Your assignment ->
For each record below, set it down exactly but leave out any picture.

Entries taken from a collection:
-- Opening Marker --
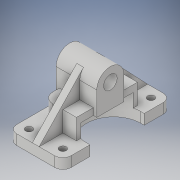
# Autodesk Inventor part: Part2019
Saved by Autodesk Inventor 2019 (Build 230136000, 136)
## iProperties
Created: 2026-04-19
Part Number: Part2019
Material: Generic
Document SubType Name: Modeling
Designer: 1
Density: 1 g/cm^3
Appearance: Default
Author: 1
Autodesk Inventor part; units mm, degrees
ref_plane "YZ Plane" through (0, 0, 0) normal (1, 0, 0) x (0, 1, 0)
ref_plane "XZ Plane" through (0, 0, 0) normal (0, 1, 0) x (-1, 0, 0)
ref_plane "XY Plane" through (0, 0, 0) normal (0, 0, 1) x (1, 0, 0)
sketch "Sketch4" plane through (0, 0, 0) normal (0, 1, 0) x (-1, 0, 0)
  line L0 (40, 80) -> (-40, 80)
  line L1 (-40, 80) -> (-40, -80)
  line L2 (-40, -80) -> (40, -80)
  line L3 (40, -80) -> (40, 80)
  line L4 (40, 80) -> (-40, -80) construction
  line L5 (-40, 80) -> (40, -80) construction
  point P0 (0, 0)
  dimension "d0" = 80
  dimension "d1" = 160
  constraints: 12 end point, 2 midpoint, 2 parallel, 1 horizontal, 1 perpendicular
  measures "d0" distance of L2.end L1.end
  measures "d1" distance of L1.end L0.end
extrude "Extrusion1" add sketch "Sketch4" along normal blind 15
sketch "Sketch5" plane through (0, 15, 0) normal (0, 1, 0) x (1, 0, 0)
  line L0 (-25, -45) -> (25, -45)
  line L1 (25, -45) -> (25, 45)
  line L2 (25, 45) -> (-25, 45)
  line L3 (-25, 45) -> (-25, -45)
  line L4 (-25, -45) -> (25, 45) construction
  line L5 (25, -45) -> (-25, 45) construction
  point P0 (0, 0)
  dimension "d4" = 50
  dimension "d5" = 90
  constraints: 12 end point, 2 midpoint, 2 parallel, 1 horizontal, 1 perpendicular
  measures "d4" distance of L2.end L1.end
  measures "d5" distance of L1.end L0.end
extrude "Extrusion2" add sketch "Sketch5" along normal blind 30
sketch "Sketch6" plane through (0, 15, 0) normal (0, 1, 0) x (1, 0, 0)
  point P0 (0, 0)
sketch "Sketch7" plane through (0, 0, 0) normal (1, 0, 0) x (0, 1, 0)
  line L0 (15, -80) -> (15, 80) projected
  line L1 (15, 0) -> (15, -20)
  line L2 (15, 0) -> (15, 20)
  line L3 (15, 20) -> (70, 20)
  line L4 (15, -20) -> (70, -20)
  arc A0 (70, -20) -> (70, 20) centre (70, 0) ccw
  point P0 (0, 0)
  dimension "d8" = 20
  dimension "d9" = 20
  dimension "d10" = 55
  dimension "d11" = 55
  constraints: 8 end point, 2 point on circle, 2 point on line, 1 centre point, 1 horizontal, 1 midpoint, 1 perpendicular
  measures "d8" distance of L1.start L1.end
  measures "d9" distance of L1.start L2.end
  measures "d10" distance of L2.end L3.end
  measures "d11" distance of L1.end L4.end
extrude "Extrusion3" add sketch "Sketch7" along normal blind 30 and the other way blind 30
sketch "Sketch8" plane through (0, 0, 0) normal (1, 0, 0) x (0, 1, 0)
  line L0 (15, 80) -> (83.7931, 14.4828)
  arc A0 (70, -20) -> (70, 20) centre (70, 0) ccw projected
  point P0 (0, 0)
  constraints: 2 end point, 1 point on circle, 1 tangent
extrude "Rib1" add sketch "Sketch8" along normal mid plane 10 rib yes fills toward (49.3621, 47.2052) open curves L0
mirror "Mirror1" about plane through (0, 0, 0) normal (0, 0, 1) of "Rib1"
sketch "Sketch9" plane through (0, 0, 0) normal (0, -1, 0) x (1, 0, 0)
  line L0 (40, 80) -> (40, -80) projected
  line L1 (40, 0) -> (40, -40)
  line L2 (40, 0) -> (40, 40)
  line L3 (40, 40) -> (35, 40)
  line L4 (40, -40) -> (35, -40)
  arc A0 (35, 40) -> (35, -40) centre (35, 0) ccw
  point P0 (0, 0)
  dimension "d22" = 40
  dimension "d23" = 40
  dimension "d24" = 5
  dimension "d25" = 5
  constraints: 8 end point, 2 point on circle, 2 point on line, 1 centre point, 1 horizontal, 1 midpoint, 1 perpendicular
  measures "d22" distance of L1.start L1.end
  measures "d23" distance of L1.start L2.end
  measures "d24" distance of L2.end L3.end
  measures "d25" distance of L1.end L4.end
extrude "Extrusion4" cut sketch "Sketch9" against normal blind 35
sketch "Sketch10" plane through (30, 0, 0) normal (1, 0, 0) x (0, 0, -1)
  arc A0 (20, 70) -> (-20, 70) centre (0, 70) ccw projected
  circle A1 centre (0, 70) radius 10
  point P0 (0, 0)
  dimension "d28" = 20
  constraints: 1 centre point, 1 coincident
  measures "d28" diameter of A1
extrude "Extrusion5" cut sketch "Sketch10" against normal blind 60
fillet "Fillet1" radius 12 4 edges at (40, 7.5, -80) (40, 7.5, 80) (-40, 7.5, 80) (-40, 7.5, -80)
fillet "Fillet2" radius 15 2 edges at (-25, 30, 45) (-25, 30, -45)
sketch "Sketch12" plane through (0, 15, 0) normal (0, 1, 0) x (1, 0, 0)
  arc A0 (-40, -68) -> (-28, -80) centre (-28, -68) ccw projected
  line L0 (-40, 68) -> (-40, -68) projected
  circle A1 centre (-25, -65) radius 5
  point P0 (0, 0)
  dimension "d41" = 10
  constraints: 1 centre point
  measures "d41" diameter of A1
extrude "Extrusion7" cut sketch "Sketch12" against normal blind 15
mirror "Mirror4" about plane through (0, 0, 0) normal (0, 0, 1) of "Extrusion7"
mirror "Mirror5" about plane through (0, 0, 0) normal (1, 0, 0) of "Extrusion7", "Mirror4"
body "Solid1"
-- Closing Marker --
Task output ->
# Autodesk Inventor part: Part2019
Saved by Autodesk Inventor 2019 (Build 230136000, 136)
## iProperties
Created: 2026-04-19
Part Number: Part2019
Material: Generic
Document SubType Name: Modeling
Designer: 1
Density: 1 g/cm^3
Appearance: Default
Author: 1
Autodesk Inventor part; units mm, degrees
ref_plane "YZ Plane" through (0, 0, 0) normal (1, 0, 0) x (0, 1, 0)
ref_plane "XZ Plane" through (0, 0, 0) normal (0, 1, 0) x (-1, 0, 0)
ref_plane "XY Plane" through (0, 0, 0) normal (0, 0, 1) x (1, 0, 0)
sketch "Sketch4" plane through (0, 0, 0) normal (0, 1, 0) x (-1, 0, 0)
  line L0 (40, 80) -> (-40, 80)
  line L1 (-40, 80) -> (-40, -80)
  line L2 (-40, -80) -> (40, -80)
  line L3 (40, -80) -> (40, 80)
  line L4 (40, 80) -> (-40, -80) construction
  line L5 (-40, 80) -> (40, -80) construction
  point P0 (0, 0)
  dimension "d0" = 80
  dimension "d1" = 160
  constraints: 12 end point, 2 midpoint, 2 parallel, 1 horizontal, 1 perpendicular
  measures "d0" distance of L2.end L1.end
  measures "d1" distance of L1.end L0.end
extrude "Extrusion1" add sketch "Sketch4" along normal blind 15
sketch "Sketch5" plane through (0, 15, 0) normal (0, 1, 0) x (1, 0, 0)
  line L0 (-25, -45) -> (25, -45)
  line L1 (25, -45) -> (25, 45)
  line L2 (25, 45) -> (-25, 45)
  line L3 (-25, 45) -> (-25, -45)
  line L4 (-25, -45) -> (25, 45) construction
  line L5 (25, -45) -> (-25, 45) construction
  point P0 (0, 0)
  dimension "d4" = 50
  dimension "d5" = 90
  constraints: 12 end point, 2 midpoint, 2 parallel, 1 horizontal, 1 perpendicular
  measures "d4" distance of L2.end L1.end
  measures "d5" distance of L1.end L0.end
extrude "Extrusion2" add sketch "Sketch5" along normal blind 30
sketch "Sketch6" plane through (0, 15, 0) normal (0, 1, 0) x (1, 0, 0)
  point P0 (0, 0)
sketch "Sketch7" plane through (0, 0, 0) normal (1, 0, 0) x (0, 1, 0)
  line L0 (15, -80) -> (15, 80) projected
  line L1 (15, 0) -> (15, -20)
  line L2 (15, 0) -> (15, 20)
  line L3 (15, 20) -> (70, 20)
  line L4 (15, -20) -> (70, -20)
  arc A0 (70, -20) -> (70, 20) centre (70, 0) ccw
  point P0 (0, 0)
  dimension "d8" = 20
  dimension "d9" = 20
  dimension "d10" = 55
  dimension "d11" = 55
  constraints: 8 end point, 2 point on circle, 2 point on line, 1 centre point, 1 horizontal, 1 midpoint, 1 perpendicular
  measures "d8" distance of L1.start L1.end
  measures "d9" distance of L1.start L2.end
  measures "d10" distance of L2.end L3.end
  measures "d11" distance of L1.end L4.end
extrude "Extrusion3" add sketch "Sketch7" along normal blind 30 and the other way blind 30
sketch "Sketch8" plane through (0, 0, 0) normal (1, 0, 0) x (0, 1, 0)
  line L0 (15, 80) -> (83.7931, 14.4828)
  arc A0 (70, -20) -> (70, 20) centre (70, 0) ccw projected
  point P0 (0, 0)
  constraints: 2 end point, 1 point on circle, 1 tangent
extrude "Rib1" add sketch "Sketch8" along normal mid plane 10 rib yes fills toward (49.3621, 47.2052) open curves L0
mirror "Mirror1" about plane through (0, 0, 0) normal (0, 0, 1) of "Rib1"
sketch "Sketch9" plane through (0, 0, 0) normal (0, -1, 0) x (1, 0, 0)
  line L0 (40, 80) -> (40, -80) projected
  line L1 (40, 0) -> (40, -40)
  line L2 (40, 0) -> (40, 40)
  line L3 (40, 40) -> (35, 40)
  line L4 (40, -40) -> (35, -40)
  arc A0 (35, 40) -> (35, -40) centre (35, 0) ccw
  point P0 (0, 0)
  dimension "d22" = 40
  dimension "d23" = 40
  dimension "d24" = 5
  dimension "d25" = 5
  constraints: 8 end point, 2 point on circle, 2 point on line, 1 centre point, 1 horizontal, 1 midpoint, 1 perpendicular
  measures "d22" distance of L1.start L1.end
  measures "d23" distance of L1.start L2.end
  measures "d24" distance of L2.end L3.end
  measures "d25" distance of L1.end L4.end
extrude "Extrusion4" cut sketch "Sketch9" against normal blind 35
sketch "Sketch10" plane through (30, 0, 0) normal (1, 0, 0) x (0, 0, -1)
  arc A0 (20, 70) -> (-20, 70) centre (0, 70) ccw projected
  circle A1 centre (0, 70) radius 10
  point P0 (0, 0)
  dimension "d28" = 20
  constraints: 1 centre point, 1 coincident
  measures "d28" diameter of A1
extrude "Extrusion5" cut sketch "Sketch10" against normal blind 60
fillet "Fillet1" radius 12 4 edges at (40, 7.5, -80) (40, 7.5, 80) (-40, 7.5, 80) (-40, 7.5, -80)
fillet "Fillet2" radius 15 2 edges at (-25, 30, 45) (-25, 30, -45)
sketch "Sketch12" plane through (0, 15, 0) normal (0, 1, 0) x (1, 0, 0)
  arc A0 (-40, -68) -> (-28, -80) centre (-28, -68) ccw projected
  line L0 (-40, 68) -> (-40, -68) projected
  circle A1 centre (-25, -65) radius 5
  point P0 (0, 0)
  dimension "d41" = 10
  constraints: 1 centre point
  measures "d41" diameter of A1
extrude "Extrusion7" cut sketch "Sketch12" against normal blind 15
mirror "Mirror4" about plane through (0, 0, 0) normal (0, 0, 1) of "Extrusion7"
mirror "Mirror5" about plane through (0, 0, 0) normal (1, 0, 0) of "Extrusion7", "Mirror4"
body "Solid1"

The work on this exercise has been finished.